Das öffentlich-rechtliche Radio muss sich angesichts der Netzkonkurrenz neu erfinden. Auch kommerzielle Dienste versuchen bereits, das Podcasting zu vereinnahmen. Nicht immer zur Freude der freien Szene.

Lohnt es sich für einen öffentlich-rechtlichen Sender, die Vorteile von Audioinhalten bewusst herauszustellen? Diese ehrlich gemeinte Frage auf der Podcastkonferenz Subscribe brachte Marcus Schuler vom Bayerischen Rundfunk sichtlich ins Schwimmen. Dazu, räumte Schuler schulterzuckend ein, gebe es schlicht keine Erfahrungen. Die Aussage Schulers ist symptomatisch für die Position der Radiosender. Mit ihren ins Netz gestellten Programmen sind sie zwar die Platzhirsche der Podcastszene; öffentlich-rechtliche Angebote sind mit Abstand die meistgehörten. Doch bislang mussten sich diese gebührenfinanzierten Anbieter recht wenig Gedanken über Präsentation und Vermarktung ihrer Podcasts machen. „Das lineare Geschäft wird einfach in Stücke gehackt, im besten Fall mit einem Jingle versehen – und dann rausgeschickt“, schildert Markus Heidmeier, Leiter des Deutschlandradio.Labs, etwas frustriert das Vorgehen der meisten Funkhäuser.  

Heidmeier und Schuler gelten in der öffentlich-rechtlichen Radiolandschaft als Neuerer. Doch in ihrem Bemühen, Bewegung ins Audioangebot der Anstalten zu bringen, stoßen sie auf starke strukturelle, personelle wie auch rechtlich begründete Beharrungskräfte. „Es gibt viele alte Haie, die auch versuchen, Ideen wegzubeißen“, sagt Deutschlandradio.Lab-Mitarbeiter Markus Waldhauser auf der diesjährigen re:publica. „Die wollen kurz vor der Rente nicht noch Veränderungen anstoßen.“ 

Auf der Netzkonferenz wurde dann auch klar, dass längst nicht mehr die großen Rundfunkanstalten die Treiber der Entwicklung sind: Streamingplattformen wie Spotify, SoundCloud und Audible holen besonders die jungen Nutzer dort ab, wo sie bereits sind: im Netz. Statt für eine bestimmte Sendung das Radio einzuschalten, hören sie selbstbestimmt per Smartphone oder Tablet allerlei verfügbare Audioinhalte – wann und wo sie wollen. Dazu, sagt Waldhauser, bringe die Entwicklung des autonomen Fahrens die traditionellen Radiomacher in Bedrängnis: Künftig werde das Radio nicht mehr nebenbei eingeschaltet; stattdessen würden sich auch Autoinsassen ihrem Smartphone-Display widmen. Dann hätten die klassischen Radioanbieter ein Problem. „Die öffentlich-rechtlichen müssen sich verändern, um ihren Auftrag noch wahrnehmen zu können“, warnt Waldhauser. „Radiostationen werden zu Podcasthubs – oder sie werden gar nicht sein“, lautet die schonungslose Prophezeiung des Berliner Podcasters Ralf Stockmann.

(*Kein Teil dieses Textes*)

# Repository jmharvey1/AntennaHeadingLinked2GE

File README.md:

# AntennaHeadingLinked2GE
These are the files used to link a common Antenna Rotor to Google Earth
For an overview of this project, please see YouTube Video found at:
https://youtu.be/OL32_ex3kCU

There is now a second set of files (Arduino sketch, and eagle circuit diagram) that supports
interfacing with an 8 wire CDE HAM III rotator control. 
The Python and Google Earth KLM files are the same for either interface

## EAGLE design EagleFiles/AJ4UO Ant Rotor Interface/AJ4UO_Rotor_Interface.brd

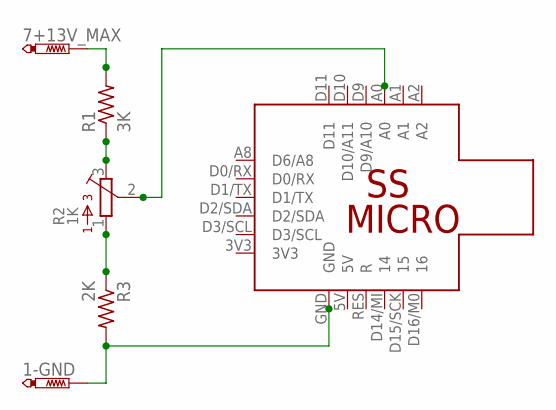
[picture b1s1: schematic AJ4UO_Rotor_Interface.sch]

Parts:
1-GND: 1 - GND; P1-20Y
7+13V_MAX: PTR1PAD1-20Y; P1-20Y
R1: 3K; 0309/10
R2: 1K; 3362P
R3: 2K; 0309/10
U$1: SS_MICRO

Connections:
unnamed: 1-GND.TP, R3.2, U$1.GND
unnamed: R2.1, R3.1
unnamed: R1.1, R2.3
unnamed: 7+13V_MAX.TP, R1.2
unnamed: R2.2, U$1.A0

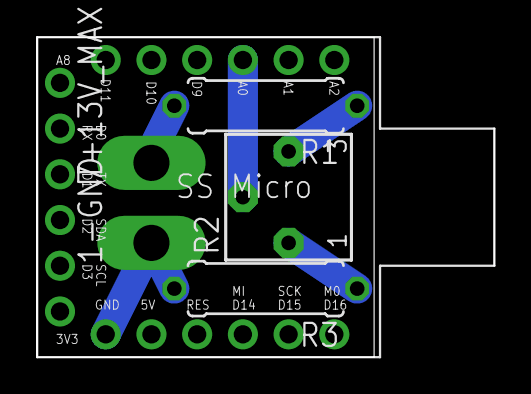
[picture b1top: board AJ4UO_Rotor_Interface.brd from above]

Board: 2 copper layers, 18.7 x 17.8 mm, 6 parts (0 on the bottom side), 5 nets.

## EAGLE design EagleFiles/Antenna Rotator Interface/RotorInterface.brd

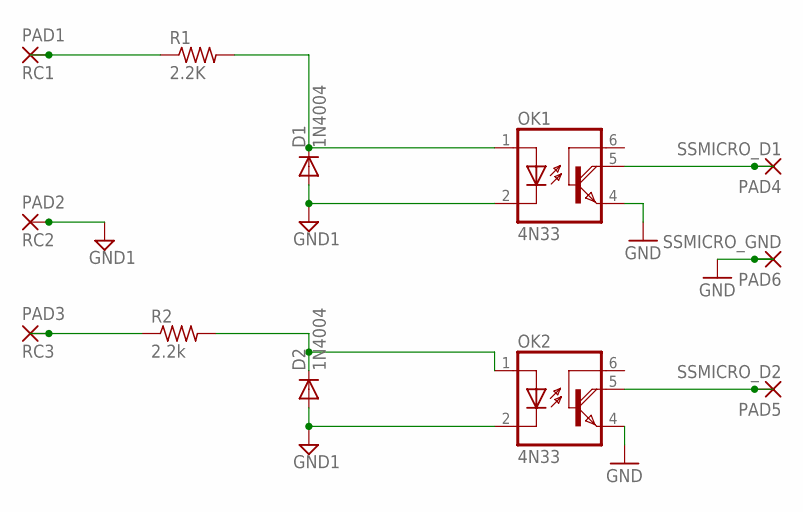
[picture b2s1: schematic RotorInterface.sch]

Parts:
D1, D2: 1N4004; DO41-10
OK1, OK2: 4N33; DIL06
PAD1: RC1; SMD2,54-5,08
PAD2: RC2; SMD2,54-5,08
PAD3: RC3; SMD2,54-5,08
PAD4: SSMICRO_D1; SMD2,54-5,08
PAD5: SSMICRO_D2; SMD2,54-5,08
PAD6: SSMICRO_GND; SMD2,54-5,08
R1: 2.2K; 0309/12
R2: 2.2k; 0309/12

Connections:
GND: OK1.4 (E), OK2.4 (E), PAD6.1
GND1: D1.A, D2.A, OK1.2 (C), OK2.2 (C), PAD2.1
unnamed: PAD3.1, R2.1
unnamed: PAD1.1, R1.1
unnamed: D1.C, OK1.1 (A), R1.2
unnamed: OK1.5 (COL), PAD4.1
unnamed: OK2.5 (COL), PAD5.1
unnamed: D2.C, OK2.1 (A), R2.2

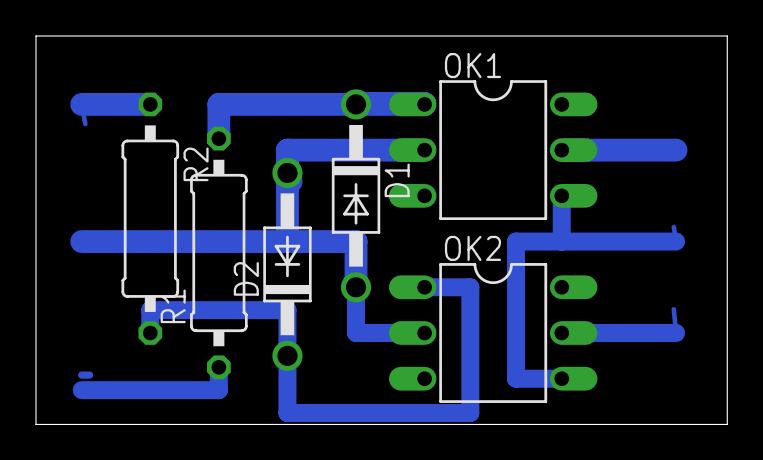
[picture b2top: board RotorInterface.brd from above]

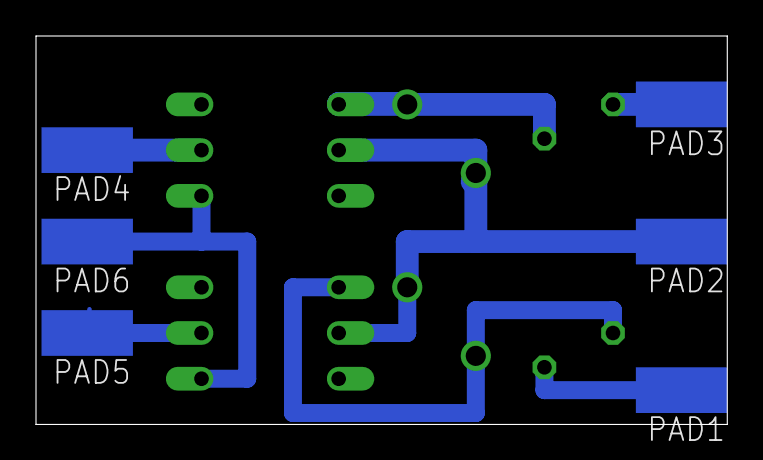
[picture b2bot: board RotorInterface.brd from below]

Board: 2 copper layers, 38.4 x 21.6 mm, 12 parts (6 on the bottom side), 8 nets.

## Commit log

2016-11-18 Initial project files setup
    Install base set of project files
2016-11-18 Updated ReadMe File
    Added YouTUbe Refeerence
2017-02-21 General Instructions to setup local computer to support this Project
    General Instructions to setup local computer to support this Project
2017-02-21 Minor tweaks to general instructions & Python code
2017-02-23 Further revisions to install/setup instructions
    Revised web site references and clarified some instruction steps
2017-02-23 Furhter revisions to the install & setup instructions
    Mainly clarified step 3 and added Google Earth resource prerequesit
2017-02-23 intall & setup revision
2017-02-25 futher refinements to the Install & setuo instructions
    Added better process to link serial library to python
2017-02-25 Further refinements to the install & setup instructions
    added/revised section serial library integration steps
2017-02-27 more tweaks to the install & setup instructions
2017-02-27 Added files to also support interfacing with a CDE HAM III rotator control
2021-07-22 Added .pdf files for original interface board
    Added .pdf files for Eagle interface board (shematic & Layout)

An Ideen dazu werde bereits getüftelt, sagt Markus Heidmeier. Im Lab des Deutschlandradios denke man über Inhalte nach, die es nur als Podcast im Netz gibt (podcast only). „Dazu überlegen wir, Inhalte aus dem linearen Geschäft neu zu konzeptionieren – und auch zu kuratieren.“ So könnte es etwa einen Literaturpodcast aus Inhalten aller drei Deutschlandradio-Programme geben, „bei dem das geschriebene Wort die gemeinsame Klammer ist“. Dazu, sagt Heidmeier, wolle man 360-Grad-artig – also auf allen Plattformen – rund um das Format präsent sein.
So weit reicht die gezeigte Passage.